1. **Rank the offenders** — from `top_queries` (by average duration and by frequency) and `active_queries`, identify the queries doing the most damage. Separate "one expensive query run rarely" from "a cheap-ish query run constantly," because the fix differs.

2. **Attribute the cost** — for each top offender, explain what makes it expensive: scanned series count, time range × step (points per series), high-cardinality `by`/`without` grouping, subqueries, or unbounded matchers. Tie the explanation to the trace or TSDB status where I have it.

3. **Read a query trace** — if I paste an `EXPLAIN`/trace, walk its stages (series selection, rollup, aggregation) and point to where the time and memory actually go, so I'm not optimizing the wrong step.

4. **Correlate with limits and resources** — relate the findings to `-search.maxConcurrentRequests`, `-search.maxPointsPerTimeseries`, `-search.maxSeries`, and vmselect memory, so I know whether I'm hitting a limit, saturating concurrency, or exhausting RAM.

5. **Prescribe the triage action, not just a rewrite** — for each offender recommend the right lever: move to a recording rule, tighten the matcher, cap the range/step, raise a limit, add a vmselect, or cache.

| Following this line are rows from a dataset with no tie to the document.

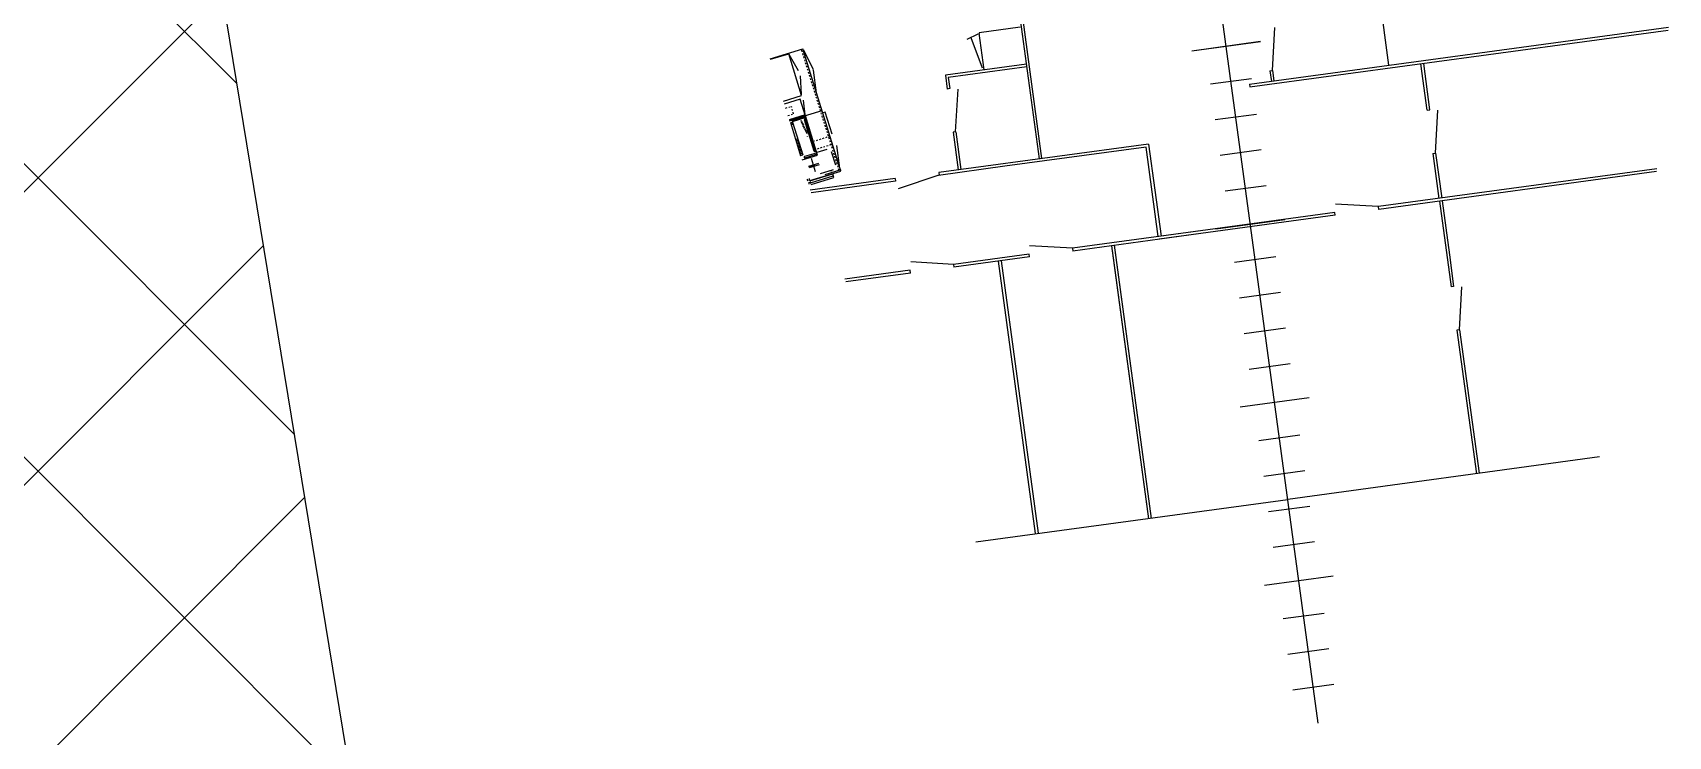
# Model space of a CAD drawing. Header units: metres. Extents: x 267365 to 277461, y 2088854 to 2108025.
# Drawn here: x 272918.6 to 273018.9, y 2094529.7 to 2094572.8 of the extents above; entities that cross this region are included whole.
import ezdxf

# ---------------------------------------------------------------- set-up
doc = ezdxf.new("R2010")
doc.units = ezdxf.units.M
for name, pattern in [('CONTINUA', [0]), ('DASHDOT', [25.4, 12.7, -6.35, 0, -6.35]), ('DASHED', [0.75, 0.5, -0.25]), ('HIDDEN', [0.375, 0.25, -0.125])]:
    doc.linetypes.add(name, pattern=pattern)
doc.layers.add('PORT', color=5, linetype='Continuous')

msp = doc.modelspace()

# ---------------------------------------------------------------- linework, layer by layer
at = {"color": 30}
for p, q in [((272997.43, 2094530.53), (272954.49, 2094846.36)), ((272997.43, 2094530.53), (272954.49, 2094846.36)), ((272997.43, 2094530.53), (272954.49, 2094846.36)), ((273000.36, 2094581.02), (273001.74, 2094570.83)), ((273000.36, 2094581.02), (273001.74, 2094570.83)), ((273000.36, 2094581.02), (273001.74, 2094570.83)), ((272980.34, 2094565.08), (272978.54, 2094578.35)), ((272980.34, 2094565.08), (272978.54, 2094578.35)), ((272980.34, 2094565.08), (272978.54, 2094578.35)), ((272980.5, 2094565.1), (272978.7, 2094578.38)), ((272980.5, 2094565.1), (272978.7, 2094578.38)), ((272980.5, 2094565.1), (272978.7, 2094578.38)), ((272993.22, 2094569.65), (273018.89, 2094573.14)), ((272993.22, 2094569.65), (273018.89, 2094573.14)), ((272993.22, 2094569.65), (273018.89, 2094573.14)), ((272993.24, 2094569.49), (273018.88, 2094572.97)), ((272993.24, 2094569.49), (273018.88, 2094572.97)), ((272993.24, 2094569.49), (273018.88, 2094572.97)), ((272994.63, 2094570.5), (272994.78, 2094573.12)), ((272994.63, 2094570.5), (272994.78, 2094573.12)), ((272994.63, 2094570.5), (272994.78, 2094573.12)), ((272989.68, 2094571.71), (272993.9, 2094572.29)), ((272989.68, 2094571.71), (272993.9, 2094572.29)), ((272989.68, 2094571.71), (272993.9, 2094572.29)), ((272989.68, 2094571.71), (272993.9, 2094572.28)), ((272989.68, 2094571.71), (272993.9, 2094572.28)), ((272989.68, 2094571.71), (272993.9, 2094572.28)), ((272979.55, 2094570.88), (272974.58, 2094570.21)), ((272979.55, 2094570.88), (272974.58, 2094570.21)), ((272979.55, 2094570.88), (272974.58, 2094570.21)), ((272979.57, 2094570.72), (272974.76, 2094570.06)), ((272979.57, 2094570.72), (272974.76, 2094570.06)), ((272979.57, 2094570.72), (272974.76, 2094570.06)), ((273004.1, 2094568.07), (273003.72, 2094570.91)), ((273004.1, 2094568.07), (273003.72, 2094570.91)), ((273004.1, 2094568.07), (273003.72, 2094570.91)), ((273003.88, 2094570.93), (273004.26, 2094568.09)), ((273003.88, 2094570.93), (273004.26, 2094568.09)), ((273003.88, 2094570.93), (273004.26, 2094568.09)), ((272974.58, 2094570.21), (272974.69, 2094569.36)), ((272974.58, 2094570.21), (272974.69, 2094569.36)), ((272974.58, 2094570.21), (272974.69, 2094569.36)), ((272974.76, 2094570.06), (272974.86, 2094569.39)), ((272974.76, 2094570.06), (272974.86, 2094569.39)), ((272974.76, 2094570.06), (272974.86, 2094569.39)), ((272993.35, 2094569.99), (272990.83, 2094569.65)), ((272993.35, 2094569.99), (272990.83, 2094569.65)), ((272993.35, 2094569.99), (272990.83, 2094569.65)), ((272993.22, 2094569.65), (272993.24, 2094569.49)), ((272993.22, 2094569.65), (272993.24, 2094569.49)), ((272993.22, 2094569.65), (272993.24, 2094569.49)), ((272994.47, 2094570.47), (272994.63, 2094570.5)), ((272994.47, 2094570.47), (272994.63, 2094570.5)), ((272994.47, 2094570.47), (272994.63, 2094570.5)), ((272994.47, 2094570.47), (272994.56, 2094569.83)), ((272994.47, 2094570.47), (272994.56, 2094569.83)), ((272994.47, 2094570.47), (272994.56, 2094569.83)), ((272994.63, 2094570.5), (272994.72, 2094569.86)), ((272994.63, 2094570.5), (272994.72, 2094569.86)), ((272994.63, 2094570.5), (272994.72, 2094569.86)), ((272974.86, 2094569.39), (272974.69, 2094569.36)), ((272974.86, 2094569.39), (272974.69, 2094569.36)), ((272974.86, 2094569.39), (272974.69, 2094569.36)), ((272975.21, 2094566.73), (272975.36, 2094569.36)), ((272975.21, 2094566.73), (272975.36, 2094569.36)), ((272975.21, 2094566.73), (272975.36, 2094569.36)), ((272993.64, 2094567.81), (272991.12, 2094567.47)), ((272993.64, 2094567.81), (272991.12, 2094567.47)), ((272993.64, 2094567.81), (272991.12, 2094567.47)), ((273004.1, 2094568.07), (273004.27, 2094568.09)), ((273004.1, 2094568.07), (273004.27, 2094568.09)), ((273004.1, 2094568.07), (273004.27, 2094568.09)), ((273004.62, 2094565.44), (273004.77, 2094568.06)), ((273004.62, 2094565.44), (273004.77, 2094568.06)), ((273004.62, 2094565.44), (273004.77, 2094568.06)), ((272975.22, 2094566.73), (272975.05, 2094566.71)), ((272975.22, 2094566.73), (272975.05, 2094566.71)), ((272975.22, 2094566.73), (272975.05, 2094566.71)), ((272975.05, 2094566.71), (272975.36, 2094564.41)), ((272975.05, 2094566.71), (272975.36, 2094564.41)), ((272975.05, 2094566.71), (272975.36, 2094564.41)), ((272975.22, 2094566.73), (272975.53, 2094564.43)), ((272975.22, 2094566.73), (272975.53, 2094564.43)), ((272975.22, 2094566.73), (272975.53, 2094564.43)), ((272987.04, 2094565.98), (272975.55, 2094564.43)), ((272987.04, 2094565.98), (272975.55, 2094564.43)), ((272987.04, 2094565.98), (272975.55, 2094564.43)), ((272986.89, 2094565.8), (272978.22, 2094564.63)), ((272986.89, 2094565.8), (272978.22, 2094564.63)), ((272986.89, 2094565.8), (272978.22, 2094564.63)), ((272987.63, 2094560.32), (272986.89, 2094565.8)), ((272987.63, 2094560.32), (272986.89, 2094565.8)), ((272987.63, 2094560.32), (272986.89, 2094565.8)), ((272987.04, 2094565.98), (272987.8, 2094560.35)), ((272987.04, 2094565.98), (272987.8, 2094560.35)), ((272987.04, 2094565.98), (272987.8, 2094560.35)), ((272993.94, 2094565.63), (272991.42, 2094565.28)), ((272993.94, 2094565.63), (272991.42, 2094565.28)), ((272993.94, 2094565.63), (272991.42, 2094565.28)), ((272978.22, 2094564.63), (272974.15, 2094564.07)), ((272978.22, 2094564.63), (272974.15, 2094564.07)), ((272978.22, 2094564.63), (272974.15, 2094564.07)), ((273004.46, 2094565.42), (273004.62, 2094565.44)), ((273004.46, 2094565.42), (273004.62, 2094565.44)), ((273004.46, 2094565.42), (273004.62, 2094565.44)), ((273004.46, 2094565.42), (273004.83, 2094562.66)), ((273004.46, 2094565.42), (273004.83, 2094562.66)), ((273004.46, 2094565.42), (273004.83, 2094562.66)), ((273004.62, 2094565.44), (273005, 2094562.68)), ((273004.62, 2094565.44), (273005, 2094562.68)), ((273004.62, 2094565.44), (273005, 2094562.68)), ((272971.51, 2094563.88), (272966.3, 2094563.17)), ((272971.51, 2094563.88), (272966.3, 2094563.17)), ((272971.51, 2094563.88), (272966.3, 2094563.17)), ((272971.53, 2094563.72), (272966.36, 2094563.01)), ((272971.53, 2094563.72), (272966.36, 2094563.01)), ((272971.53, 2094563.72), (272966.36, 2094563.01)), ((272971.51, 2094563.88), (272971.53, 2094563.72)), ((272971.51, 2094563.88), (272971.53, 2094563.72)), ((272971.51, 2094563.88), (272971.53, 2094563.72)), ((272974.18, 2094564.08), (272971.69, 2094563.24)), ((272974.18, 2094564.08), (272971.69, 2094563.24)), ((272974.18, 2094564.08), (272971.69, 2094563.24)), ((272975.55, 2094564.43), (272974.17, 2094564.24)), ((272975.55, 2094564.43), (272974.17, 2094564.24)), ((272975.55, 2094564.43), (272974.17, 2094564.24)), ((272974.17, 2094564.24), (272974.19, 2094564.08)), ((272974.17, 2094564.24), (272974.19, 2094564.08)), ((272974.17, 2094564.24), (272974.19, 2094564.08)), ((273018.19, 2094564.48), (273001.12, 2094562.16)), ((273018.19, 2094564.48), (273001.12, 2094562.16)), ((273018.19, 2094564.48), (273001.12, 2094562.16)), ((273018.17, 2094564.31), (273001.14, 2094561.99)), ((273018.17, 2094564.31), (273001.14, 2094561.99)), ((273018.17, 2094564.31), (273001.14, 2094561.99)), ((272994.24, 2094563.44), (272991.72, 2094563.1)), ((272994.24, 2094563.44), (272991.72, 2094563.1)), ((272994.24, 2094563.44), (272991.72, 2094563.1)), ((272998.46, 2094561.79), (272990.67, 2094560.74)), ((272998.46, 2094561.79), (272990.67, 2094560.74)), ((272998.46, 2094561.79), (272990.67, 2094560.74)), ((272998.48, 2094561.63), (272990.69, 2094560.57)), ((272998.48, 2094561.63), (272990.69, 2094560.57)), ((272998.48, 2094561.63), (272990.69, 2094560.57)), ((272998.48, 2094561.63), (272998.46, 2094561.8)), ((272998.48, 2094561.63), (272998.46, 2094561.8)), ((272998.48, 2094561.63), (272998.46, 2094561.8)), ((273001.11, 2094562.16), (272998.49, 2094562.31)), ((273001.11, 2094562.16), (272998.49, 2094562.31)), ((273001.11, 2094562.16), (272998.49, 2094562.31)), ((273001.14, 2094561.99), (273001.12, 2094562.16)), ((273001.14, 2094561.99), (273001.12, 2094562.16)), ((273001.14, 2094561.99), (273001.12, 2094562.16)), ((273004.86, 2094562.5), (273005.57, 2094557.25)), ((273004.86, 2094562.5), (273005.57, 2094557.25)), ((273004.86, 2094562.5), (273005.57, 2094557.25)), ((273005.02, 2094562.52), (273005.47, 2094559.21)), ((273005.02, 2094562.52), (273005.47, 2094559.21)), ((273005.02, 2094562.52), (273005.47, 2094559.21)), ((272990.67, 2094560.74), (272982.37, 2094559.61)), ((272990.67, 2094560.74), (272982.37, 2094559.61)), ((272990.67, 2094560.74), (272982.37, 2094559.61)), ((272990.67, 2094560.74), (272987.66, 2094560.33)), ((272990.67, 2094560.74), (272987.66, 2094560.33)), ((272990.67, 2094560.74), (272987.66, 2094560.33)), ((272991.16, 2094560.8), (272995.39, 2094561.38)), ((272991.16, 2094560.8), (272995.39, 2094561.38)), ((272991.16, 2094560.8), (272995.39, 2094561.38)), ((272991.16, 2094560.8), (272995.39, 2094561.38)), ((272991.16, 2094560.8), (272995.39, 2094561.38)), ((272991.16, 2094560.8), (272995.39, 2094561.38)), ((272982.37, 2094559.61), (272979.74, 2094559.76)), ((272982.37, 2094559.61), (272979.74, 2094559.76)), ((272982.37, 2094559.61), (272979.74, 2094559.76)), ((272982.37, 2094559.61), (272982.39, 2094559.44)), ((272982.37, 2094559.61), (272982.39, 2094559.44)), ((272982.37, 2094559.61), (272982.39, 2094559.44)), ((272990.69, 2094560.57), (272982.39, 2094559.44)), ((272990.69, 2094560.57), (272982.39, 2094559.44)), ((272990.69, 2094560.57), (272982.39, 2094559.44)), ((272984.76, 2094559.76), (272987.04, 2094543.03)), ((272984.76, 2094559.76), (272987.04, 2094543.03)), ((272984.76, 2094559.76), (272987.04, 2094543.03)), ((272984.93, 2094559.79), (272987.2, 2094543.06)), ((272984.93, 2094559.79), (272987.2, 2094543.06)), ((272984.93, 2094559.79), (272987.2, 2094543.06)), ((272990.69, 2094560.57), (272987.68, 2094560.16)), ((272990.69, 2094560.57), (272987.68, 2094560.16)), ((272990.69, 2094560.57), (272987.68, 2094560.16)), ((272975.08, 2094558.62), (272972.46, 2094558.77)), ((272975.08, 2094558.62), (272972.46, 2094558.77)), ((272975.08, 2094558.62), (272972.46, 2094558.77)), ((272979.72, 2094559.25), (272975.08, 2094558.62)), ((272979.72, 2094559.25), (272975.08, 2094558.62)), ((272979.72, 2094559.25), (272975.08, 2094558.62)), ((272975.08, 2094558.62), (272975.1, 2094558.45)), ((272975.08, 2094558.62), (272975.1, 2094558.45)), ((272975.08, 2094558.62), (272975.1, 2094558.45)), ((272979.74, 2094559.08), (272975.1, 2094558.45)), ((272979.74, 2094559.08), (272975.1, 2094558.45)), ((272979.74, 2094559.08), (272975.1, 2094558.45)), ((272977.82, 2094558.82), (272980.09, 2094542.13)), ((272977.82, 2094558.82), (272980.09, 2094542.13)), ((272977.82, 2094558.82), (272980.09, 2094542.13)), ((272977.99, 2094558.84), (272980.26, 2094542.15)), ((272977.99, 2094558.84), (272980.26, 2094542.15)), ((272977.99, 2094558.84), (272980.26, 2094542.15)), ((272979.74, 2094559.08), (272979.72, 2094559.25)), ((272979.74, 2094559.08), (272979.72, 2094559.25)), ((272979.74, 2094559.08), (272979.72, 2094559.25)), ((272984.8, 2094559.47), (272987.04, 2094543.03)), ((272984.8, 2094559.47), (272987.04, 2094543.03)), ((272984.8, 2094559.47), (272987.04, 2094543.03)), ((272984.97, 2094559.49), (272987.2, 2094543.06)), ((272984.97, 2094559.49), (272987.2, 2094543.06)), ((272984.97, 2094559.49), (272987.2, 2094543.06)), ((272994.83, 2094559.08), (272992.31, 2094558.74)), ((272994.83, 2094559.08), (272992.31, 2094558.74)), ((272994.83, 2094559.08), (272992.31, 2094558.74)), ((273005.47, 2094559.21), (273005.73, 2094557.27)), ((273005.47, 2094559.21), (273005.73, 2094557.27)), ((273005.47, 2094559.21), (273005.73, 2094557.27)), ((272972.43, 2094558.26), (272968.42, 2094557.71)), ((272972.43, 2094558.26), (272968.42, 2094557.71)), ((272972.43, 2094558.26), (272968.42, 2094557.71)), ((272972.45, 2094558.09), (272968.48, 2094557.55)), ((272972.45, 2094558.09), (272968.48, 2094557.55)), ((272972.45, 2094558.09), (272968.48, 2094557.55)), ((272972.45, 2094558.09), (272972.43, 2094558.26)), ((272972.45, 2094558.09), (272972.43, 2094558.26)), ((272972.45, 2094558.09), (272972.43, 2094558.26)), ((272995.13, 2094556.9), (272992.61, 2094556.55)), ((272995.13, 2094556.9), (272992.61, 2094556.55)), ((272995.13, 2094556.9), (272992.61, 2094556.55)), ((273005.73, 2094557.27), (273005.57, 2094557.25)), ((273005.73, 2094557.27), (273005.57, 2094557.25)), ((273005.73, 2094557.27), (273005.57, 2094557.25)), ((273006.09, 2094554.62), (273006.24, 2094557.24)), ((273006.09, 2094554.62), (273006.24, 2094557.24)), ((273006.09, 2094554.62), (273006.24, 2094557.24)), ((272995.42, 2094554.71), (272992.9, 2094554.37)), ((272995.42, 2094554.71), (272992.9, 2094554.37)), ((272995.42, 2094554.71), (272992.9, 2094554.37)), ((273006.1, 2094554.62), (273005.93, 2094554.6)), ((273006.1, 2094554.62), (273005.93, 2094554.6)), ((273006.1, 2094554.62), (273005.93, 2094554.6)), ((273005.93, 2094554.6), (273007.13, 2094545.8)), ((273005.93, 2094554.6), (273007.13, 2094545.8)), ((273005.93, 2094554.6), (273007.13, 2094545.8)), ((273006.1, 2094554.62), (273007.29, 2094545.83)), ((273006.1, 2094554.62), (273007.29, 2094545.83)), ((273006.1, 2094554.62), (273007.29, 2094545.83)), ((272995.72, 2094552.53), (272993.2, 2094552.19)), ((272995.72, 2094552.53), (272993.2, 2094552.19)), ((272995.72, 2094552.53), (272993.2, 2094552.19)), ((272992.64, 2094549.89), (272996.87, 2094550.47)), ((272992.64, 2094549.89), (272996.87, 2094550.47)), ((272992.64, 2094549.89), (272996.87, 2094550.47)), ((272996.31, 2094548.17), (272993.79, 2094547.82)), ((272996.31, 2094548.17), (272993.79, 2094547.82)), ((272996.31, 2094548.17), (272993.79, 2094547.82)), ((273014.68, 2094546.83), (272995.56, 2094544.23)), ((273014.68, 2094546.83), (272995.56, 2094544.23)), ((273014.68, 2094546.83), (272995.56, 2094544.23)), ((272996.61, 2094545.98), (272994.09, 2094545.64)), ((272996.61, 2094545.98), (272994.09, 2094545.64)), ((272996.61, 2094545.98), (272994.09, 2094545.64)), ((272976.45, 2094541.63), (272995.56, 2094544.23)), ((272976.45, 2094541.63), (272995.56, 2094544.23)), ((272976.45, 2094541.63), (272995.56, 2094544.23)), ((272996.91, 2094543.8), (272994.39, 2094543.46)), ((272996.91, 2094543.8), (272994.39, 2094543.46)), ((272996.91, 2094543.8), (272994.39, 2094543.46)), ((272997.2, 2094541.62), (272994.68, 2094541.28)), ((272997.2, 2094541.62), (272994.68, 2094541.28)), ((272997.2, 2094541.62), (272994.68, 2094541.28)), ((272994.13, 2094538.98), (272998.35, 2094539.55)), ((272994.13, 2094538.98), (272998.35, 2094539.55)), ((272994.13, 2094538.98), (272998.35, 2094539.55)), ((272997.8, 2094537.25), (272995.28, 2094536.91)), ((272997.8, 2094537.25), (272995.28, 2094536.91)), ((272997.8, 2094537.25), (272995.28, 2094536.91)), ((272998.09, 2094535.07), (272995.57, 2094534.73)), ((272998.09, 2094535.07), (272995.57, 2094534.73)), ((272998.09, 2094535.07), (272995.57, 2094534.73)), ((272998.39, 2094532.89), (272995.87, 2094532.55)), ((272998.39, 2094532.89), (272995.87, 2094532.55)), ((272998.39, 2094532.89), (272995.87, 2094532.55))]:
    msp.add_line(p, q, dxfattribs=at)
at = {"color": 30, "linetype": 'CONTINUA', "ltscale": 0.1}
for p, q in [((272976.57, 2094572.72), (272975.89, 2094572.4)), ((272976.57, 2094572.72), (272975.89, 2094572.4)), ((272976.57, 2094572.72), (272975.89, 2094572.4)), ((272979.17, 2094573.15), (272976.65, 2094572.81)), ((272979.17, 2094573.15), (272976.65, 2094572.81)), ((272979.17, 2094573.15), (272976.65, 2094572.81)), ((272976.65, 2094572.81), (272976.65, 2094572.77)), ((272976.65, 2094572.81), (272976.65, 2094572.77)), ((272976.65, 2094572.81), (272976.65, 2094572.77)), ((272976.95, 2094570.53), (272976.65, 2094572.78)), ((272976.95, 2094570.53), (272976.65, 2094572.78)), ((272976.95, 2094570.53), (272976.65, 2094572.78)), ((272963.85, 2094571.2), (272965.85, 2094571.82)), ((272963.85, 2094571.2), (272965.85, 2094571.82)), ((272963.85, 2094571.2), (272965.85, 2094571.82)), ((272968.17, 2094564.34), (272965.85, 2094571.82)), ((272968.17, 2094564.34), (272965.85, 2094571.82)), ((272968.17, 2094564.34), (272965.85, 2094571.82)), ((272965.88, 2094571.77), (272966.48, 2094570.56)), ((272965.88, 2094571.77), (272966.48, 2094570.56)), ((272965.88, 2094571.77), (272966.48, 2094570.56)), ((272976.85, 2094570.64), (272976.16, 2094572.49)), ((272976.85, 2094570.64), (272976.16, 2094572.49)), ((272976.85, 2094570.64), (272976.16, 2094572.49)), ((272966.68, 2094569.13), (272966.5, 2094570.51)), ((272966.68, 2094569.13), (272966.5, 2094570.51)), ((272966.68, 2094569.13), (272966.5, 2094570.51)), ((272965.07, 2094567.45), (272967.02, 2094568.05)), ((272965.07, 2094567.45), (272967.02, 2094568.05)), ((272965.07, 2094567.45), (272967.02, 2094568.05)), ((272967.22, 2094567.94), (272967.07, 2094567.9)), ((272967.22, 2094567.94), (272967.07, 2094567.9)), ((272967.22, 2094567.94), (272967.07, 2094567.9)), ((272967.64, 2094566.6), (272967.22, 2094567.94)), ((272967.64, 2094566.6), (272967.22, 2094567.94)), ((272967.64, 2094566.6), (272967.22, 2094567.94)), ((272968.12, 2094564.52), (272967.93, 2094565.9)), ((272968.12, 2094564.52), (272967.93, 2094565.9)), ((272968.12, 2094564.52), (272967.93, 2094565.9)), ((272966.28, 2094563.75), (272968.17, 2094564.34)), ((272966.28, 2094563.75), (272968.17, 2094564.34)), ((272966.28, 2094563.75), (272968.17, 2094564.34)), ((272966.28, 2094563.73), (272967.68, 2094564.17)), ((272966.28, 2094563.73), (272967.68, 2094564.17)), ((272966.28, 2094563.73), (272967.68, 2094564.17)), ((272966.32, 2094563.62), (272967.71, 2094564.05)), ((272966.32, 2094563.62), (272967.71, 2094564.05)), ((272966.32, 2094563.62), (272967.71, 2094564.05)), ((272966.35, 2094563.51), (272967.75, 2094563.94)), ((272966.35, 2094563.51), (272967.75, 2094563.94)), ((272966.35, 2094563.51), (272967.75, 2094563.94)), ((272968.17, 2094564.41), (272967.2, 2094564.11)), ((272968.17, 2094564.41), (272967.2, 2094564.11)), ((272968.17, 2094564.41), (272967.2, 2094564.11)), ((272967.75, 2094563.94), (272967.68, 2094564.16)), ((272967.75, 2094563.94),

Say which gives the biggest latency win for the least risk.

6. **Set up standing observability** — give me the queries/alerts to keep this visible: p99 `query_range` latency, `vm_concurrent_select_current / capacity`, and a periodic `top_queries` review, so the next regression is caught before users file a ticket.

Output as: (a) ranked offender list with cost attribution, (b) trace walkthrough (if provided), (c) limit/resource correlation, (d) per-offender triage action with expected impact, (e) standing observability queries/alerts.

Bias toward measuring before rewriting; if the data doesn't yet show which query is at fault, tell me exactly which endpoint or trace to capture next rather than guessing.